=== Begin Enclosure ===

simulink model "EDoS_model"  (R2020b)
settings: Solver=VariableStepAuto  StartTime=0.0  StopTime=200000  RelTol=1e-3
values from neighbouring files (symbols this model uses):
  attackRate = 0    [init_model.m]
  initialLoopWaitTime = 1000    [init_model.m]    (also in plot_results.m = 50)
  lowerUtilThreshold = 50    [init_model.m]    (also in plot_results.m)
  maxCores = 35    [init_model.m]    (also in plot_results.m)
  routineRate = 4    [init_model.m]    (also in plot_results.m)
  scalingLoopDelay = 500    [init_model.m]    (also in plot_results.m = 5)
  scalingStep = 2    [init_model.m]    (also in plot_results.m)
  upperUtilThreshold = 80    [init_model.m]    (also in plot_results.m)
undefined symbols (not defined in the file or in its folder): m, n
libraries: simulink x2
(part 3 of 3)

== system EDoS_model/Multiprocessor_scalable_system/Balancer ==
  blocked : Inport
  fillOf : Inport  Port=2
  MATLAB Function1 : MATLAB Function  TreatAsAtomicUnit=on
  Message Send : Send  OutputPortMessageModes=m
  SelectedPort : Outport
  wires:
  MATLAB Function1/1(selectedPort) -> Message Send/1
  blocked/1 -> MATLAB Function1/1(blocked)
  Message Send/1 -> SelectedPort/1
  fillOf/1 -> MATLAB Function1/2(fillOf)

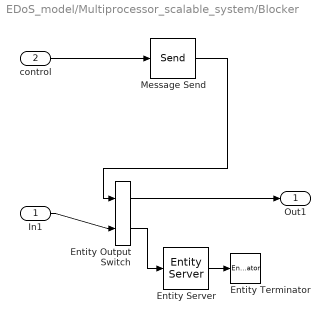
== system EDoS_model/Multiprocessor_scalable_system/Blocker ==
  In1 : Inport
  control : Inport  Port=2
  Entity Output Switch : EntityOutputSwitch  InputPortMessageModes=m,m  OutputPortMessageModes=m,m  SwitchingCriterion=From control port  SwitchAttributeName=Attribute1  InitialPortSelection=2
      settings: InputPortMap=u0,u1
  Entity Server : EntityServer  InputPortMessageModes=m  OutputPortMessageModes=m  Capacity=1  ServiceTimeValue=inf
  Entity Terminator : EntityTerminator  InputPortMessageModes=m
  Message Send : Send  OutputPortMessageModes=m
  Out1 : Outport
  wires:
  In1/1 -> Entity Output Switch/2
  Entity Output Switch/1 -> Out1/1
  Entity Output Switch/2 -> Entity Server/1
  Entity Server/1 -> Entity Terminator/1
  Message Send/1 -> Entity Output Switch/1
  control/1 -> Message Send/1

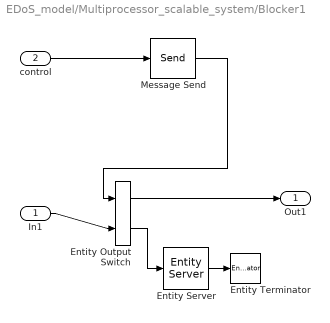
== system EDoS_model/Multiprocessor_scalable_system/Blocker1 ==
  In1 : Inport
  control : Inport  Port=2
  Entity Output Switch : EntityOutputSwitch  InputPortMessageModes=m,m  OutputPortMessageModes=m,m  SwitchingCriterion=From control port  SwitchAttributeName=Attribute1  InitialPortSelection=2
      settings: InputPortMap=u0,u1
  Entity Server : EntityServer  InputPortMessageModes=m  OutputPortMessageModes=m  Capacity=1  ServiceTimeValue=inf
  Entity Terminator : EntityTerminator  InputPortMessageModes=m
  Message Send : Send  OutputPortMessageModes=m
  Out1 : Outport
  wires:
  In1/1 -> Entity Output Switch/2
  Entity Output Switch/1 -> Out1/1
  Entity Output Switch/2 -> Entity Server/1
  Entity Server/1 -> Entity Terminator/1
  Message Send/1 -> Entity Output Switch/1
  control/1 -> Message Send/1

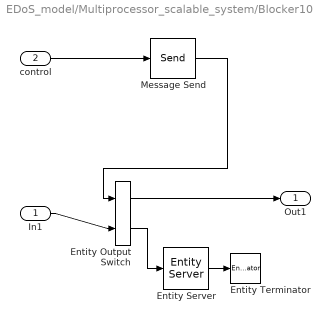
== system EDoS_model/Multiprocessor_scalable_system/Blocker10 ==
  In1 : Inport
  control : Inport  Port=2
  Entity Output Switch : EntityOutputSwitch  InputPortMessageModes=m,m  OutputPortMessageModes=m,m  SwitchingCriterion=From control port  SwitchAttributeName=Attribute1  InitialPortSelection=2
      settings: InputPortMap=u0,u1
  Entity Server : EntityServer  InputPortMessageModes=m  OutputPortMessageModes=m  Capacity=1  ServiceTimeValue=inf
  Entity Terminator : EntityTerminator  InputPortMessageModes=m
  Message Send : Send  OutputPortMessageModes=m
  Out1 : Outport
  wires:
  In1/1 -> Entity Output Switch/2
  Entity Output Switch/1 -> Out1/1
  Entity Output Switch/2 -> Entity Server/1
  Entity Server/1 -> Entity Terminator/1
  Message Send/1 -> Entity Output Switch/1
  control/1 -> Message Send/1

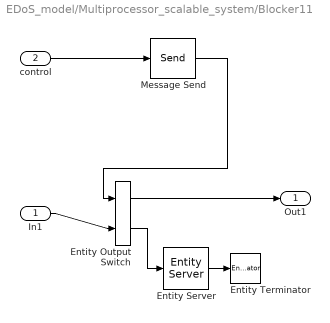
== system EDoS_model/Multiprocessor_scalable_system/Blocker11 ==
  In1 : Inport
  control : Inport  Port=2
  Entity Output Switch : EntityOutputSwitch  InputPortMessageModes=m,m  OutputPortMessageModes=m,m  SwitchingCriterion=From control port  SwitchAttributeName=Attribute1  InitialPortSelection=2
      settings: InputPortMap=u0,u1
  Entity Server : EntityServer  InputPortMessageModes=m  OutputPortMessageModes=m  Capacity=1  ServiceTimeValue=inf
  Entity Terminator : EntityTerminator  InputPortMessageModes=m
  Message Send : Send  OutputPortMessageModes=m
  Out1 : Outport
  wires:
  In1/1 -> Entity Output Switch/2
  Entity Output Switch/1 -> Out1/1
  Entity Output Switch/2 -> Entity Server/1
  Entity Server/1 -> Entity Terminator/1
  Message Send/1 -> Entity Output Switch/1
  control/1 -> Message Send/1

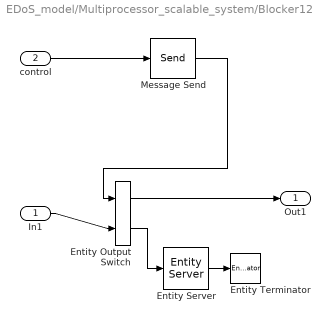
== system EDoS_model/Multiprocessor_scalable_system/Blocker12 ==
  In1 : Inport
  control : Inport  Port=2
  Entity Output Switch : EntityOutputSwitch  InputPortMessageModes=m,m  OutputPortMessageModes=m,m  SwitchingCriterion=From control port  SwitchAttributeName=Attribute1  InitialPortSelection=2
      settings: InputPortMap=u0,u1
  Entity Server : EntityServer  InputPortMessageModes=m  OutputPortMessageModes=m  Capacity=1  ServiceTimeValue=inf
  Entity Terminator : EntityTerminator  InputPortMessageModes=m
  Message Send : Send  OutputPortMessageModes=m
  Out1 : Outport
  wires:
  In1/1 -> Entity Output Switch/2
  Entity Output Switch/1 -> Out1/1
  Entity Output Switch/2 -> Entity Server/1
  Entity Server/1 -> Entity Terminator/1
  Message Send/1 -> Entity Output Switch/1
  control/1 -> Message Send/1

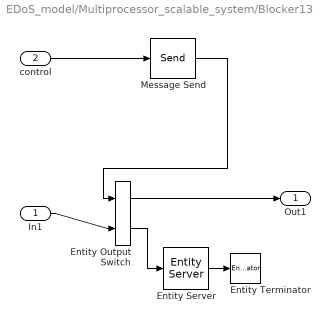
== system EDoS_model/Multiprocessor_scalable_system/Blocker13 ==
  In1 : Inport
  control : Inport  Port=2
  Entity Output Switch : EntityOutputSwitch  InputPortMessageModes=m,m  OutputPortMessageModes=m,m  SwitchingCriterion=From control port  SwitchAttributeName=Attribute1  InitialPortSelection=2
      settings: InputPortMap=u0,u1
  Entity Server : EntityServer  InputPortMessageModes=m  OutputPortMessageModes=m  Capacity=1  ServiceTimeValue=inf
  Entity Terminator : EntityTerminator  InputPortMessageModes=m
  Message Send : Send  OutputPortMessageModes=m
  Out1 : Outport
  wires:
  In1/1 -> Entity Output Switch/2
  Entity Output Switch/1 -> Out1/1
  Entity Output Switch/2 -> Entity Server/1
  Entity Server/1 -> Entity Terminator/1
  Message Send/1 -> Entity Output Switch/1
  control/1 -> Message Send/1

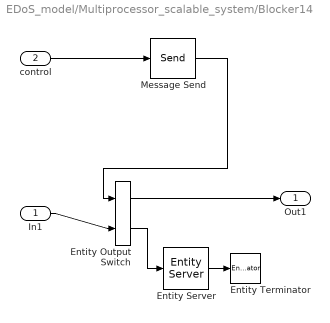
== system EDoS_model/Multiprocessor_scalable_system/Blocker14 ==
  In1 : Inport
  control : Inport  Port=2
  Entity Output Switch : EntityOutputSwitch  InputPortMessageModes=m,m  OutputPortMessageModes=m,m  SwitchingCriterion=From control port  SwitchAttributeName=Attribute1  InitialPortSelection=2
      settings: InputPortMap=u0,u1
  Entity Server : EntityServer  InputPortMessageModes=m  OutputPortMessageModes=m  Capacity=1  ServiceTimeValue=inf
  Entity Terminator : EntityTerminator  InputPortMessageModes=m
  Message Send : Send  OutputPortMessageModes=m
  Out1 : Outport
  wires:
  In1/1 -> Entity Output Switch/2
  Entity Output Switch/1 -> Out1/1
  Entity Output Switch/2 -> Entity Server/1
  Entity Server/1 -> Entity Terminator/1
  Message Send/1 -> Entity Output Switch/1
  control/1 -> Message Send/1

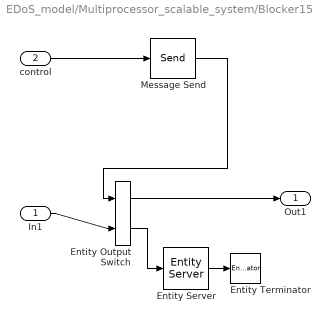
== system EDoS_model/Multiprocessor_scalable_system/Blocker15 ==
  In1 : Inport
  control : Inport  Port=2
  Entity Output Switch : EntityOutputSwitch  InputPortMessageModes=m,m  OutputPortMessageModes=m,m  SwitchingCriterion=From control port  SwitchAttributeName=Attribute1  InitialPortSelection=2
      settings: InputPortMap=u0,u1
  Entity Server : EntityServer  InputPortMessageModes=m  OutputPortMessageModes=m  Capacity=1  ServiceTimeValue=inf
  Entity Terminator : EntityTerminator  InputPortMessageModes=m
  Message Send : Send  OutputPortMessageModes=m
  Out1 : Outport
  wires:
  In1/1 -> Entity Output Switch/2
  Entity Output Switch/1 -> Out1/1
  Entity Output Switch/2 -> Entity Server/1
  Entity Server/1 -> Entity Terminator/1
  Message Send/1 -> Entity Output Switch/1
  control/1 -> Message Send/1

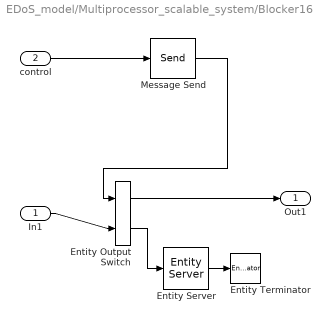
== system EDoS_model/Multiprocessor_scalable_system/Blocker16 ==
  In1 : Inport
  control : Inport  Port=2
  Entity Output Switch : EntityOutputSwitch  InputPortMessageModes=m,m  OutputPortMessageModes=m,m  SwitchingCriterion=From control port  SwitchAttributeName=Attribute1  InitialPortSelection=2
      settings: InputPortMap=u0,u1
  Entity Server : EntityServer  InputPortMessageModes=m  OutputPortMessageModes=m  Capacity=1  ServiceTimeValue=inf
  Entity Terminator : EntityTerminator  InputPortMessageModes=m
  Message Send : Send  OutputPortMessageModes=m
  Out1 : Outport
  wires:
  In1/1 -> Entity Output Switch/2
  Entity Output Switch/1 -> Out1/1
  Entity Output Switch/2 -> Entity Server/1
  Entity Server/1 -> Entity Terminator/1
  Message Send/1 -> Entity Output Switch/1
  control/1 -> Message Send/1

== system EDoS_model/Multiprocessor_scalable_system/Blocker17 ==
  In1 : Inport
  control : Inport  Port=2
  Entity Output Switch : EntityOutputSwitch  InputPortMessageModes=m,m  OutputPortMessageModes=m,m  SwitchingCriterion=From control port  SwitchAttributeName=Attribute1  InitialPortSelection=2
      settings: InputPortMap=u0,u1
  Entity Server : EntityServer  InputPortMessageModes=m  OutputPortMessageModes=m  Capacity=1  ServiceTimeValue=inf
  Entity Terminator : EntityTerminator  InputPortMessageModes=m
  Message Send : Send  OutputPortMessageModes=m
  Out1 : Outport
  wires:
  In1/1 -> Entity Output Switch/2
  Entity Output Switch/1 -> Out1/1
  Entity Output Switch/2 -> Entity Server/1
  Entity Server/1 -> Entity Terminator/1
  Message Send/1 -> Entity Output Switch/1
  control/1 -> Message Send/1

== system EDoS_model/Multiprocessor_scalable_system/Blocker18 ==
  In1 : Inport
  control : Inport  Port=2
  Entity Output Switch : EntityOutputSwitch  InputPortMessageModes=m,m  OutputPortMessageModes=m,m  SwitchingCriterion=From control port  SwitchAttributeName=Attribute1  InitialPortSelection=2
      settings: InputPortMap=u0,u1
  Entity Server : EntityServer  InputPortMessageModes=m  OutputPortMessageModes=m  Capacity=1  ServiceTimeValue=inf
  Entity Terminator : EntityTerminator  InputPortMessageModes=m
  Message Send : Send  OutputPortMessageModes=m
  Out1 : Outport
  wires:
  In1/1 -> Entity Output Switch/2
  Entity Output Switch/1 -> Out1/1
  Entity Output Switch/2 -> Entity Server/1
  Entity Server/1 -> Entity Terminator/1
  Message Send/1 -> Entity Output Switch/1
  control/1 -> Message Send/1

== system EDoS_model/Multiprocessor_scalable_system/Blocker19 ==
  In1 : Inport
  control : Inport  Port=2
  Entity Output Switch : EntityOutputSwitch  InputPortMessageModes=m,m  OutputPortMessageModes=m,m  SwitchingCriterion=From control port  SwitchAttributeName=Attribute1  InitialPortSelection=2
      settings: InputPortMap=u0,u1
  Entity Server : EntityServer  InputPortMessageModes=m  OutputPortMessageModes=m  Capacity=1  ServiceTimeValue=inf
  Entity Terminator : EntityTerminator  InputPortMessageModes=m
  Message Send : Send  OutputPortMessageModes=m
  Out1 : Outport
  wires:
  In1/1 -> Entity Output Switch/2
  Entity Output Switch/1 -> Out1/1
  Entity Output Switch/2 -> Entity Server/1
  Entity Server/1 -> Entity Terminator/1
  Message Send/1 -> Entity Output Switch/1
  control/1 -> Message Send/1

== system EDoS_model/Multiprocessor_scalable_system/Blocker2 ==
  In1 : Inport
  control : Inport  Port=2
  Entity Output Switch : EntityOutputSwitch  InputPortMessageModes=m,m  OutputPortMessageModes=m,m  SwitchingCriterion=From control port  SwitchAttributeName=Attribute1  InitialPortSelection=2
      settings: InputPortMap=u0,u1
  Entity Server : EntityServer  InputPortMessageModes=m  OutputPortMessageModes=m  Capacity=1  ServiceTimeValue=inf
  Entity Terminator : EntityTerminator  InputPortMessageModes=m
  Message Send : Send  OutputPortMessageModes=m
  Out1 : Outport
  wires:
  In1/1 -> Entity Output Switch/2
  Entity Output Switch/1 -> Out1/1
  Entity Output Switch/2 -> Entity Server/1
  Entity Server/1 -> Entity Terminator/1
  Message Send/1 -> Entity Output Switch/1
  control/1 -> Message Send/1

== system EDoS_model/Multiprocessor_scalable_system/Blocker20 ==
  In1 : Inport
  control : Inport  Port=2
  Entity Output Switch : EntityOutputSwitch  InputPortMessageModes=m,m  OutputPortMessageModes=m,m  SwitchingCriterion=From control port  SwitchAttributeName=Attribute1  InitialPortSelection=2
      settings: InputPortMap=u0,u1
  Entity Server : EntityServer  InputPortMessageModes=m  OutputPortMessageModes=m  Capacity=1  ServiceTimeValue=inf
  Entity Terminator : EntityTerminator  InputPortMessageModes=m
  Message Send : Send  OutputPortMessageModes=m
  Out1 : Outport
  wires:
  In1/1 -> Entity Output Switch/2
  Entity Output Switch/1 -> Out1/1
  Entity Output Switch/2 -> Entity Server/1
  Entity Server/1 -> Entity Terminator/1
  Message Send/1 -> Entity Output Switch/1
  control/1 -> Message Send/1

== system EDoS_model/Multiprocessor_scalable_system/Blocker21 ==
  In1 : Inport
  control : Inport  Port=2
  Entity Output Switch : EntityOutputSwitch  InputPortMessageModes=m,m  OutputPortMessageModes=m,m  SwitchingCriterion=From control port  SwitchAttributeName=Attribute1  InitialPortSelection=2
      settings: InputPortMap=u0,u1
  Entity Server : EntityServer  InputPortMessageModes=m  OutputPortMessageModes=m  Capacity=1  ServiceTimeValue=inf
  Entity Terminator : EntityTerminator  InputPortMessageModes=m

=== End Enclosure ===

## [Work item]
If a line in the data above holds the string "MATLAB", copy it.

## [Written answer]
  MATLAB Function1 : MATLAB Function  TreatAsAtomicUnit=on
  MATLAB Function1/1(selectedPort) -> Message Send/1
  blocked/1 -> MATLAB Function1/1(blocked)
  fillOf/1 -> MATLAB Function1/2(fillOf)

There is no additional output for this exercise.